The “Dark Knight” was celebrating a late Cinco de Mayo at 1Oak until 4 a.m. Saturday — just hours before he failed to show up for a game at Citi Field, reportedly because of a “migraine,” sources said.

Harvey — who makes $5.1 million and is 2-2 with a 5.14 ERA this season — rolled up on the velvet rope club “with his boys” at about 1 a.m. and settled into a private table, the sources said.

The star pitcher threw back a triple play of top-shelf booze, including Armand de Brignac “Ace of Spades” Champagne, Don Julio 1942 tequila and Belvedere vodka, witnesses said.

The allegation that Harvey was partying the night before his illness doesn’t necessarily contradict other accounts of Harvey’s pre-suspension activities, but it does make for an odd timeline.

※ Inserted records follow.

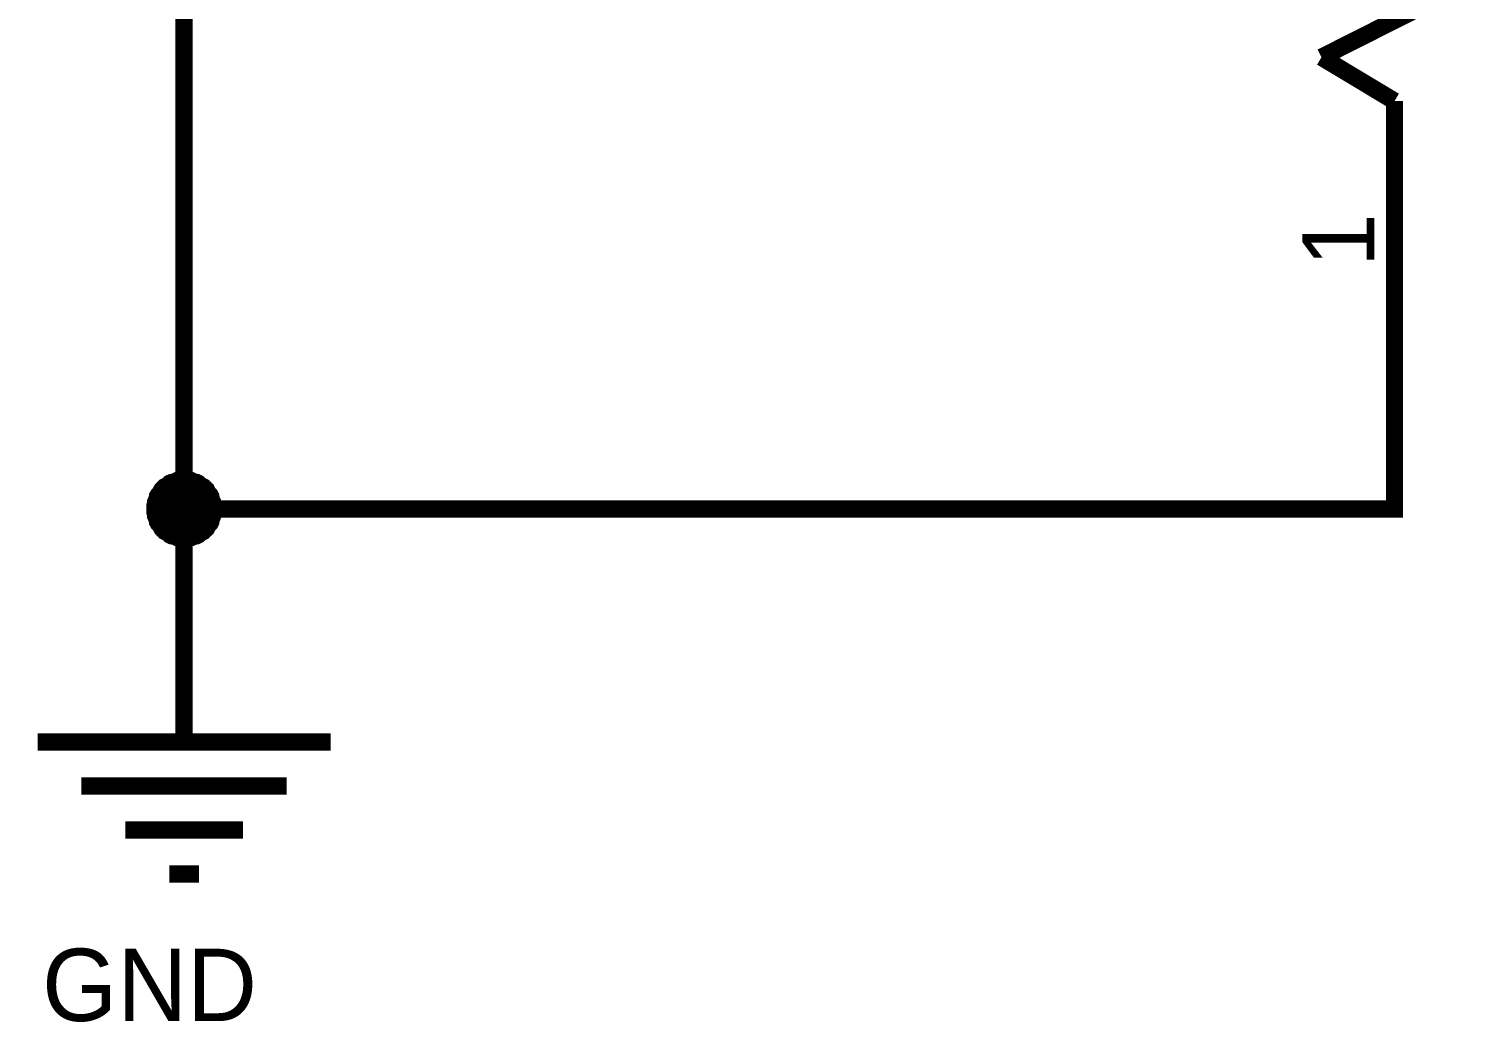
# Model space of a CAD drawing. Header units: millimetres. Extents: x 0 to 800, y 0 to 567.
# Drawn here: x 54.07 to 79.17, y 497.41 to 514.64 of the extents above; entities that cross this region are included whole.
import ezdxf

# ---------------------------------------------------------------- set-up
doc = ezdxf.new("R2010")
doc.units = ezdxf.units.MM
doc.layers.add('Sheet', color=255, linetype='Continuous')

msp = doc.modelspace()

# ---------------------------------------------------------------- linework, layer by layer
at = {"layer": 'Sheet'}
for points, const_width in [([(56.76, 504.812), (56.76, 506.313), (56.76, 518.464), (56.827, 518.464)], 0.3), ([(76.493, 514.152), (79.024, 515.429)], 0.3), ([(77.759, 513.391), (76.493, 514.152)], 0.3), ([(77.759, 513.391), (77.759, 508.318)], 0.3), ([(77.759, 513.391), (77.759, 512.629)], 0.3), ([(77.759, 508.318), (77.759, 506.313), (56.76, 506.313)], 0.3), ([(56.256, 506.313), (56.256, 506.335), (56.256, 506.369), (56.267, 506.391), (56.267, 506.414), (56.267, 506.436), (56.278, 506.459), (56.289, 506.492), (56.3, 506.514), (56.3, 506.537), (56.312, 506.559), (56.323, 506.57), (56.345, 506.593), (56.356, 506.615), (56.368, 506.638), (56.39, 506.649), (56.401, 506.671), (56.424, 506.682), (56.435, 506.705), (56.457, 506.716), (56.48, 506.727), (56.502, 506.75), (56.513, 506.761), (56.536, 506.772), (56.558, 506.772), (56.58, 506.783), (56.614, 506.794), (56.636, 506.806), (56.659, 506.806), (56.681, 506.806), (56.704, 506.817), (56.737, 506.817), (56.76, 506.817)], 0.3), ([(56.256, 506.313), (56.256, 506.335), (56.256, 506.369), (56.267, 506.391), (56.267, 506.414), (56.267, 506.436), (56.278, 506.459), (56.289, 506.492), (56.3, 506.514), (56.3, 506.537), (56.312, 506.559), (56.323, 506.57), (56.345, 506.593), (56.356, 506.615), (56.368, 506.638), (56.39, 506.649), (56.401, 506.671), (56.424, 506.682), (56.435, 506.705), (56.457, 506.716), (56.48, 506.727), (56.502, 506.75), (56.513, 506.761), (56.536, 506.772), (56.558, 506.772), (56.58, 506.783), (56.614, 506.794), (56.636, 506.806), (56.659, 506.806), (56.681, 506.806), (56.704, 506.817), (56.737, 506.817), (56.76, 506.817)], 0.3), ([(56.256, 506.313), (56.256, 506.335), (56.256, 506.369), (56.267, 506.391), (56.267, 506.414), (56.267, 506.436), (56.278, 506.459), (56.289, 506.492), (56.3, 506.514), (56.3, 506.537), (56.312, 506.559), (56.323, 506.57), (56.345, 506.593), (56.356, 506.615), (56.368, 506.638), (56.39, 506.649), (56.401, 506.671), (56.424, 506.682), (56.435, 506.705), (56.457, 506.716), (56.48, 506.727), (56.502, 506.75), (56.513, 506.761), (56.536, 506.772), (56.558, 506.772), (56.58, 506.783), (56.614, 506.794), (56.636, 506.806), (56.659, 506.806), (56.681, 506.806), (56.704, 506.817), (56.737, 506.817), (56.76, 506.817)], 0.3), ([(56.256, 506.313), (56.256, 506.335), (56.256, 506.369), (56.267, 506.391), (56.267, 506.414), (56.267, 506.436), (56.278, 506.459), (56.289, 506.492), (56.3, 506.514), (56.3, 506.537), (56.312, 506.559), (56.323, 506.57), (56.345, 506.593), (56.356, 506.615), (56.368, 506.638), (56.39, 506.649), (56.401, 506.671), (56.424, 506.682), (56.435, 506.705), (56.457, 506.716), (56.48, 506.727), (56.502, 506.75), (56.513, 506.761), (56.536, 506.772), (56.558, 506.772), (56.58, 506.783), (56.614, 506.794), (56.636, 506.806), (56.659, 506.806), (56.681, 506.806), (56.704, 506.817), (56.737, 506.817), (56.76, 506.817)], 0.3), ([(56.76, 506.817), (56.76, 506.817)], 0.3), ([(56.76, 506.817), (56.782, 506.817), (56.816, 506.817), (56.838, 506.806), (56.86, 506.806), (56.883, 506.806), (56.905, 506.794), (56.939, 506.783), (56.961, 506.772), (56.984, 506.772), (57.006, 506.761), (57.017, 506.75), (57.04, 506.727), (57.062, 506.716), (57.084, 506.705), (57.096, 506.682), (57.118, 506.671), (57.129, 506.649), (57.152, 506.638), (57.163, 506.615), (57.174, 506.593), (57.196, 506.57), (57.208, 506.559), (57.219, 506.537), (57.219, 506.514), (57.23, 506.492), (57.241, 506.459), (57.252, 506.436), (57.252, 506.414), (57.252, 506.391), (57.264, 506.369), (57.264, 506.335), (57.264, 506.313)], 0.3), ([(56.76, 506.817), (56.76, 506.817)], 0.3), ([(56.76, 506.817), (56.782, 506.817), (56.816, 506.817), (56.838, 506.806), (56.86, 506.806), (56.883, 506.806), (56.905, 506.794), (56.939, 506.783), (56.961, 506.772), (56.984, 506.772), (57.006, 506.761), (57.017, 506.75), (57.04, 506.727), (57.062, 506.716), (57.084, 506.705), (57.096, 506.682), (57.118, 506.671), (57.129, 506.649), (57.152, 506.638), (57.163, 506.615), (57.174, 506.593), (57.196, 506.57), (57.208, 506.559), (57.219, 506.537), (57.219, 506.514), (57.23, 506.492), (57.241, 506.459), (57.252, 506.436), (57.252, 506.414), (57.252, 506.391), (57.264, 506.369), (57.264, 506.335), (57.264, 506.313)], 0.3), ([(56.76, 506.817), (56.76, 506.817)], 0.3), ([(56.76, 506.817), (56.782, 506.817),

Page Six said that Harvey was out partying with friends until 4 a.m. on Saturday morning. And Jon Heyman of FanRag Sports reported Monday that Harvey had gone golfing with friends “early in the morning” on Saturday. It’s absolutely possible that both of those things happened, but whether it’s likely is a different matter altogether.

Was Matt Harvey doing some late night partying the night before he called in sick? (Getty Images)
Was Matt Harvey doing some late night partying the night before he called in sick? (Getty Images)

If Harvey was partying, it doesn’t mean he was hungover or lying about his migraine (the reported reason he gave to the Mets for his absence). But it certainly casts doubt on it, and on the rest of the timeline. If this report is true (Page Six is a gossip site, which is important to keep in mind), we have no idea if the Mets knew anything about it on Saturday/Sunday, or if the team found out when manager Terry Collins picked up his copy of the New York Post once he got to work.

One thing is true: Harvey’s three-game suspension ends on Tuesday. And with everything that’s happened and been reported in the media, things might get a little awkward in the Mets clubhouse.